Are Air Fryers Healthy? Read this before you buy…

air fryers healthy

Walk through this theoretical with me quickly (I promise, I will answer the question “Are Air Fryers Healthy?”).

It is late at night, and you can’t seem to fall asleep, so you flip on the television only to find there isn’t a thing to watch. Then you hear the famous last words “act now—limited time offer,” and suddenly you are sucked in and the latest victim of the hottest infomercial “bargain”: The Air Fryer.
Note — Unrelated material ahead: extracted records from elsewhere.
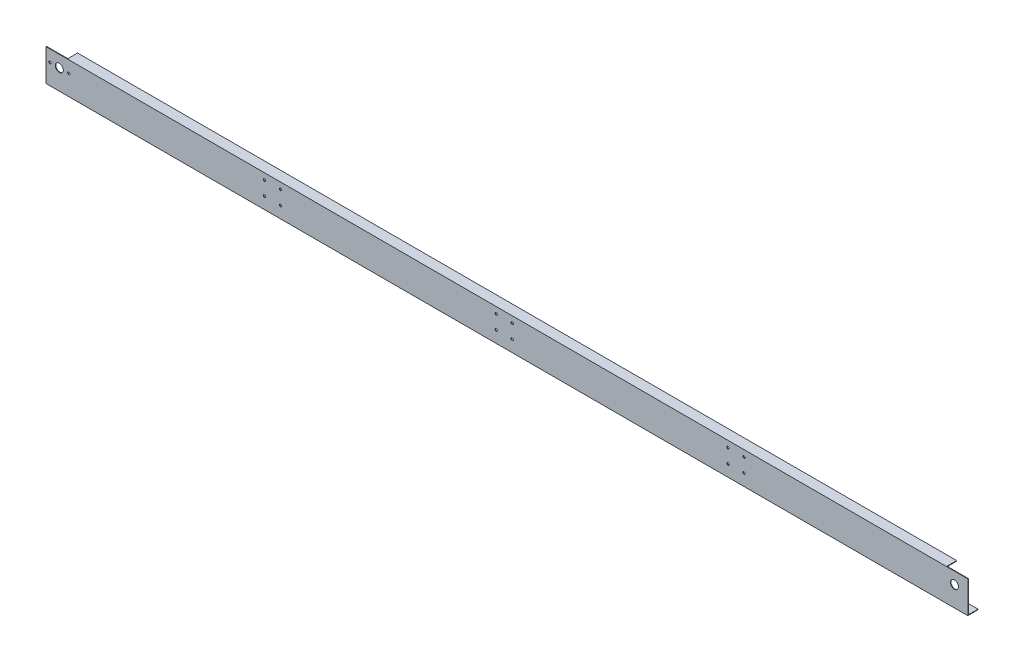
from build123d import *

# Parameters (mm, degrees)
BOSS_EXTRUDE1_DEPTH = 4394.2
CUT_EXTRUDE1_REACH  = 4398.278
SKETCH2_R           = 19.05
SKETCH2_R_2         = 5.55625
CUT_EXTRUDE4_REACH  = 4398.278
SKETCH3_W           = 101.6
SKETCH3_H           = 2.54
CUT_EXTRUDE5_REACH  = 4398.278
SKETCH4_R           = 5.55625


with BuildPart() as part:
    # Sketch1 → Boss-Extrude1 (new body)
    with BuildSketch(Plane(origin=(0, 0, 0), x_dir=(0, 0, -1), z_dir=(1, 0, 0))):
        Polygon((0, 0), (0, 127), (48.768, 127), (48.768, 124.46), (2.54, 124.46), (2.54, 2.54), (2.54, -22.86), (48.768, -22.86), (48.768, -25.4), (0, -25.4), align=None)
    extrude(amount=BOSS_EXTRUDE1_DEPTH)

    # Sketch2 → Cut-Extrude1 (cut, up to next)
    with BuildSketch(Plane(origin=(0, 0, -2.54), x_dir=(-1, 0, 0), z_dir=(0, 0, -1)), mode=Mode.PRIVATE) as cut_extrude1_sk1:
        with Locations((-4330.7, 71.12)):
            Circle(SKETCH2_R)
    cut_extrude1_tool1 = extrude(cut_extrude1_sk1.sketch, amount=-CUT_EXTRUDE1_REACH, mode=Mode.PRIVATE) & part.part
    # Sketch2 → Cut-Extrude1 (cut, up to next)
    with BuildSketch(Plane(origin=(0, 0, -2.54), x_dir=(-1, 0, 0), z_dir=(0, 0, -1)), mode=Mode.PRIVATE) as cut_extrude1_sk2:
        with Locations((-63.5, 71.12)):
            Circle(SKETCH2_R)
    cut_extrude1_tool2 = extrude(cut_extrude1_sk2.sketch, amount=-CUT_EXTRUDE1_REACH, mode=Mode.PRIVATE) & part.part
    # Sketch2 → Cut-Extrude1 (cut, up to next)
    with BuildSketch(Plane(origin=(0, 0, -2.54), x_dir=(-1, 0, 0), z_dir=(0, 0, -1)), mode=Mode.PRIVATE) as cut_extrude1_sk3:
        with Locations((-18.4546875, 71.12)):
            Circle(SKETCH2_R_2)
    cut_extrude1_tool3 = extrude(cut_extrude1_sk3.sketch, amount=-CUT_EXTRUDE1_REACH, mode=Mode.PRIVATE) & part.part
    # Sketch2 → Cut-Extrude1 (cut, up to next)
    with BuildSketch(Plane(origin=(0, 0, -2.54), x_dir=(-1, 0, 0), z_dir=(0, 0, -1)), mode=Mode.PRIVATE) as cut_extrude1_sk4:
        with Locations((-108.5453125, 71.12)):
            Circle(SKETCH2_R_2)
    cut_extrude1_tool4 = extrude(cut_extrude1_sk4.sketch, amount=-CUT_EXTRUDE1_REACH, mode=Mode.PRIVATE) & part.part
    add(cut_extrude1_tool1.solids().sort_by_distance((4330.7, 71.12, -2.54))[0], mode=Mode.SUBTRACT)
    add(cut_extrude1_tool2.solids().sort_by_distance((63.5, 71.12, -2.54))[0], mode=Mode.SUBTRACT)
    add(cut_extrude1_tool3.solids().sort_by_distance((18.454688, 71.12, -2.54))[0], mode=Mode.SUBTRACT)
    add(cut_extrude1_tool4.solids().sort_by_distance((108.545313, 71.12, -2.54))[0], mode=Mode.SUBTRACT)

    # Sketch3 → Cut-Extrude4 (cut, up to next)
    with BuildSketch(Plane(origin=(0, 0, -2.54), x_dir=(-1, 0, 0), z_dir=(0, 0, -1)), mode=Mode.PRIVATE) as cut_extrude4_sk1:
        with Locations((-4343.4, 125.73)):
            Rectangle(SKETCH3_W, SKETCH3_H)
    cut_extrude4_tool1 = extrude(cut_extrude4_sk1.sketch, amount=CUT_EXTRUDE4_REACH, mode=Mode.PRIVATE) & part.part
    # Sketch3 → Cut-Extrude4 (cut, up to next)
    with BuildSketch(Plane(origin=(0, 0, -2.54), x_dir=(-1, 0, 0), z_dir=(0, 0, -1)), mode=Mode.PRIVATE) as cut_extrude4_sk2:
        with Locations((-50.8, 125.73)):
            Rectangle(SKETCH3_W, SKETCH3_H)
    cut_extrude4_tool2 = extrude(cut_extrude4_sk2.sketch, amount=CUT_EXTRUDE4_REACH, mode=Mode.PRIVATE) & part.part
    add(cut_extrude4_tool1.solids().sort_by_distance((4343.4, 125.73, -2.54))[0], mode=Mode.SUBTRACT)
    add(cut_extrude4_tool2.solids().sort_by_distance((50.8, 125.73, -2.54))[0], mode=Mode.SUBTRACT)

    # Sketch4 → Cut-Extrude5 (cut, up to next)
    with BuildSketch(Plane(origin=(0, 0, -2.54), x_dir=(-1, 0, 0), z_dir=(0, 0, -1)), mode=Mode.PRIVATE) as cut_extrude5_sk1:
        with Locations((-3327.4, 96.774)):
            Circle(SKETCH4_R)
    cut_extrude5_tool1 = extrude(cut_extrude5_sk1.sketch, amount=-CUT_EXTRUDE5_REACH, mode=Mode.PRIVATE) & part.part
    # Sketch4 → Cut-Extrude5 (cut, up to next)
    with BuildSketch(Plane(origin=(0, 0, -2.54), x_dir=(-1, 0, 0), z_dir=(0, 0, -1)), mode=Mode.PRIVATE) as cut_extrude5_sk2:
        with Locations((-3251.2, 96.774)):
            Circle(SKETCH4_R)
    cut_extrude5_tool2 = extrude(cut_extrude5_sk2.sketch, amount=-CUT_EXTRUDE5_REACH, mode=Mode.PRIVATE) & part.part
    # Sketch4 → Cut-Extrude5 (cut, up to next)
    with BuildSketch(Plane(origin=(0, 0, -2.54), x_dir=(-1, 0, 0), z_dir=(0, 0, -1)), mode=Mode.PRIVATE) as cut_extrude5_sk3:
        with Locations((-3251.2, 30.226)):
            Circle(SKETCH4_R)
    cut_extrude5_tool3 = extrude(cut_extrude5_sk3.sketch, amount=-CUT_EXTRUDE5_REACH, mode=Mode.PRIVATE) & part.part
    # Sketch4 → Cut-Extrude5 (cut, up to next)
    with BuildSketch(Plane(origin=(0, 0, -2.54), x_dir=(-1, 0, 0), z_dir=(0, 0, -1)), mode=Mode.PRIVATE) as cut_extrude5_sk4:
        with Locations((-3327.4, 30.226)):
            Circle(SKETCH4_R)
    cut_extrude5_tool4 = extrude(cut_extrude5_sk4.sketch, amount=-CUT_EXTRUDE5_REACH, mode=Mode.PRIVATE) & part.part
    # Sketch4 → Cut-Extrude5 (cut, up to next)
    with BuildSketch(Plane(origin=(0, 0, -2.54), x_dir=(-1, 0, 0), z_dir=(0, 0, -1)), mode=Mode.PRIVATE) as cut_extrude5_sk5:
        with Locations((-2222.5, 96.774)):
            Circle(SKETCH4_R)
    cut_extrude5_tool5 = extrude(cut_extrude5_sk5.sketch, amount=-CUT_EXTRUDE5_REACH, mode=Mode.PRIVATE) & part.part
    # Sketch4 → Cut-Extrude5 (cut, up to next)
    with BuildSketch(Plane(origin=(0, 0, -2.54), x_dir=(-1, 0, 0), z_dir=(0, 0, -1)), mode=Mode.PRIVATE) as cut_extrude5_sk6:
        with Locations((-2146.3, 96.774)):
            Circle(SKETCH4_R)
    cut_extrude5_tool6 = extrude(cut_extrude5_sk6.sketch, amount=-CUT_EXTRUDE5_REACH, mode=Mode.PRIVATE) & part.part
    # Sketch4 → Cut-Extrude5 (cut, up to next)
    with BuildSketch(Plane(origin=(0, 0, -2.54), x_dir=(-1, 0, 0), z_dir=(0, 0, -1)), mode=Mode.PRIVATE) as cut_extrude5_sk7:
        with Locations((-2146.3, 30.226)):
            Circle(SKETCH4_R)
    cut_extrude5_tool7 = extrude(cut_extrude5_sk7.sketch, amount=-CUT_EXTRUDE5_REACH, mode=Mode.PRIVATE) & part.part
    # Sketch4 → Cut-Extrude5 (cut, up to next)
    with BuildSketch(Plane(origin=(0, 0, -2.54), x_dir=(-1, 0, 0), z_dir=(0, 0, -1)), mode=Mode.PRIVATE) as cut_extrude5_sk8:
        with Locations((-2222.5, 30.226)):
            Circle(SKETCH4_R)
    cut_extrude5_tool8 = extrude(cut_extrude5_sk8.sketch, amount=-CUT_EXTRUDE5_REACH, mode=Mode.PRIVATE) & part.part
    # Sketch4 → Cut-Extrude5 (cut, up to next)
    with BuildSketch(Plane(origin=(0, 0, -2.54), x_dir=(-1, 0, 0), z_dir=(0, 0, -1)), mode=Mode.PRIVATE) as cut_extrude5_sk9:
        with Locations((-1117.6, 96.774)):
            Circle(SKETCH4_R)
    cut_extrude5_tool9 = extrude(cut_extrude5_sk9.sketch, amount=-CUT_EXTRUDE5_REACH, mode=Mode.PRIVATE) & part.part
    # Sketch4 → Cut-Extrude5 (cut, up to next)
    with BuildSketch(Plane(origin=(0, 0, -2.54), x_dir=(-1, 0, 0), z_dir=(0, 0, -1)), mode=Mode.PRIVATE) as cut_extrude5_sk10:
        with Locations((-1041.4, 96.774)):
            Circle(SKETCH4_R)
    cut_extrude5_tool10 = extrude(cut_extrude5_sk10.sketch, amount=-CUT_EXTRUDE5_REACH, mode=Mode.PRIVATE) & part.part
    # Sketch4 → Cut-Extrude5 (cut, up to next)
    with BuildSketch(Plane(origin=(0, 0, -2.54), x_dir=(-1, 0, 0), z_dir=(0, 0, -1)), mode=Mode.PRIVATE) as cut_extrude5_sk11:
        with Locations((-1041.4, 30.226)):
            Circle(SKETCH4_R)
    cut_extrude5_tool11 = extrude(cut_extrude5_sk11.sketch, amount=-CUT_EXTRUDE5_REACH, mode=Mode.PRIVATE) & part.part
    # Sketch4 → Cut-Extrude5 (cut, up to next)
    with BuildSketch(Plane(origin=(0, 0, -2.54), x_dir=(-1, 0, 0), z_dir=(0, 0, -1)), mode=Mode.PRIVATE) as cut_extrude5_sk12:
        with Locations((-1117.6, 30.226)):
            Circle(SKETCH4_R)
    cut_extrude5_tool12 = extrude(cut_extrude5_sk12.sketch, amount=-CUT_EXTRUDE5_REACH, mode=Mode.PRIVATE) & part.part
    add(cut_extrude5_tool1.solids().sort_by_distance((3327.4, 96.774, -2.54))[0], mode=Mode.SUBTRACT)
    add(cut_extrude5_tool2.solids().sort_by_distance((3251.2, 96.774, -2.54))[0], mode=Mode.SUBTRACT)
    add(cut_extrude5_tool3.solids().sort_by_distance((3251.2, 30.226, -2.54))[0], mode=Mode.SUBTRACT)
    add(cut_extrude5_tool4.solids().sort_by_distance((3327.4, 30.226, -2.54))[0], mode=Mode.SUBTRACT)
    add(cut_extrude5_tool5.solids().sort_by_distance((2222.5, 96.774, -2.54))[0], mode=Mode.SUBTRACT)
    add(cut_extrude5_tool6.solids().sort_by_distance((2146.3, 96.774, -2.54))[0], mode=Mode.SUBTRACT)
    add(cut_extrude5_tool7.solids().sort_by_distance((2146.3, 30.226, -2.54))[0], mode=Mode.SUBTRACT)
    add(cut_extrude5_tool8.solids().sort_by_distance((2222.5, 30.226, -2.54))[0], mode=Mode.SUBTRACT)
    add(cut_extrude5_tool9.solids().sort_by_distance((1117.6, 96.774, -2.54))[0], mode=Mode.SUBTRACT)
    add(cut_extrude5_tool10.solids().sort_by_distance((1041.4, 96.774, -2.54))[0], mode=Mode.SUBTRACT)
    add(cut_extrude5_tool11.solids().sort_by_distance((1041.4, 30.226, -2.54))[0], mode=Mode.SUBTRACT)
    add(cut_extrude5_tool12.solids().sort_by_distance((1117.6, 30.226, -2.54))[0], mode=Mode.SUBTRACT)


solid = part.part

For 4 easy payments of just $39.99 you can own a contraption that will take up valuable real estate on your kitchen counter, promising to replace your deep fryer, rotisserie oven, dehydrator, oven, toaster oven, pizza grill, and microwave.

But that’s not all.

Usually with your order you can get free shipping, which for me is huge—I am an Amazon Prime shopper, so I almost expect free shipping these days. Along with this, you can select one of several free gifts—usually a knife set or a copper pan. (The copper chef pan is money, by the way.)

But wait…there’s more.

Anything you can do in the oven—broil, bake, fry, grill, or more—you can do in an air fryer. Air fryers are multi-functional and more energy efficient. Air fryers don’t immerse your food in oil, which means the food is “healthier,” the clean-up is easier, and because you’re not working with a vat of hot oil, the process is much safer. You can even get your kids involved—bonus!

So how does it work?

According to the infomercial: The secret is the stainless steel “Air Flow Racks” and 1700 watts of 360° “Air Flow Technology.” Your food cooks on both the top and the bottom for that great crispy-fried taste and texture—without all the fat and calories!

Wait, what does that even mean?

Basically, an air fryer is a tiny oven that circulates super-hot air, usually up to 400 degrees. The shape of the air fryer and the fact that the air is contained and constantly moving means your food gets cooked evenly, so there is no chance of one side being more cooked than the other or in burning your food.

Some of the things I would consider to be in the win column are:

  • You don’t have to preheat an air fryer—you literally just turn it on and go.
  • You can cook several different foods at once.
  • You can put frozen foods directly in the air fryer without thawing them.
  • You can dehydrate fruits and vegetables for healthy chips (mom tested, kid approved).
  • You can cook bacon perfectly in an air fryer. This was a HUGE selling point for me.
  • The cleanup is literally a breeze. The racks can go right in the dishwasher, and the inside of the air fryer can be wiped with a paper towel or damp cloth.

So far, I have cooked the following and would recommend:

  • Beef jerky
  • Rotisserie chicken
  • Chicken wings
  • Potato chips
  • Kale chips
  • Apple rings
  • Bacon
  • Frozen chicken tenders
  • Frozen fish sticks
  • Frozen mozzarella sticks

I am really looking forward to making a cake this weekend, as I haven’t tested a dessert yet, and I will come back and fill you in on how it goes. If it is anything like the infomercial claims, I may need to loosen my belt.

But, are air fryers healthy?

Are air fryers healthy? As usual, that depends on what you are cooking in them. They are certainly healthier than deep frying because by omitting the oil alone, you are saving on boatloads of calories (mostly from fat). To put things in perspective, one tablespoon of oil contains roughly 120 calories and 10 grams of fat, and I am relatively certain one uses quite a bit more when frying foods.

In general, most folks are using air fryers to eat the same foods they would typically consume fried—I mean, I am a prime example (e.g., mozzarella sticks, chicken tenders, fish sticks). I would say I am 50/50 on cooking healthier options as opposed to unhealthy options, but I tend to think of them as healthier because I am using the air fryer. This would probably be one of the main negative points—if you assume your foods are healthier, you risk consuming more than a serving size. I mean a French fry is a French fry, am I right?

Bottom line—air fryers are a great alternative to traditional cooking methods and are able to perform many functions, but when it comes down to the question “Are air fryers healthy?, they’re not much healthier than non-frying methods of cooking.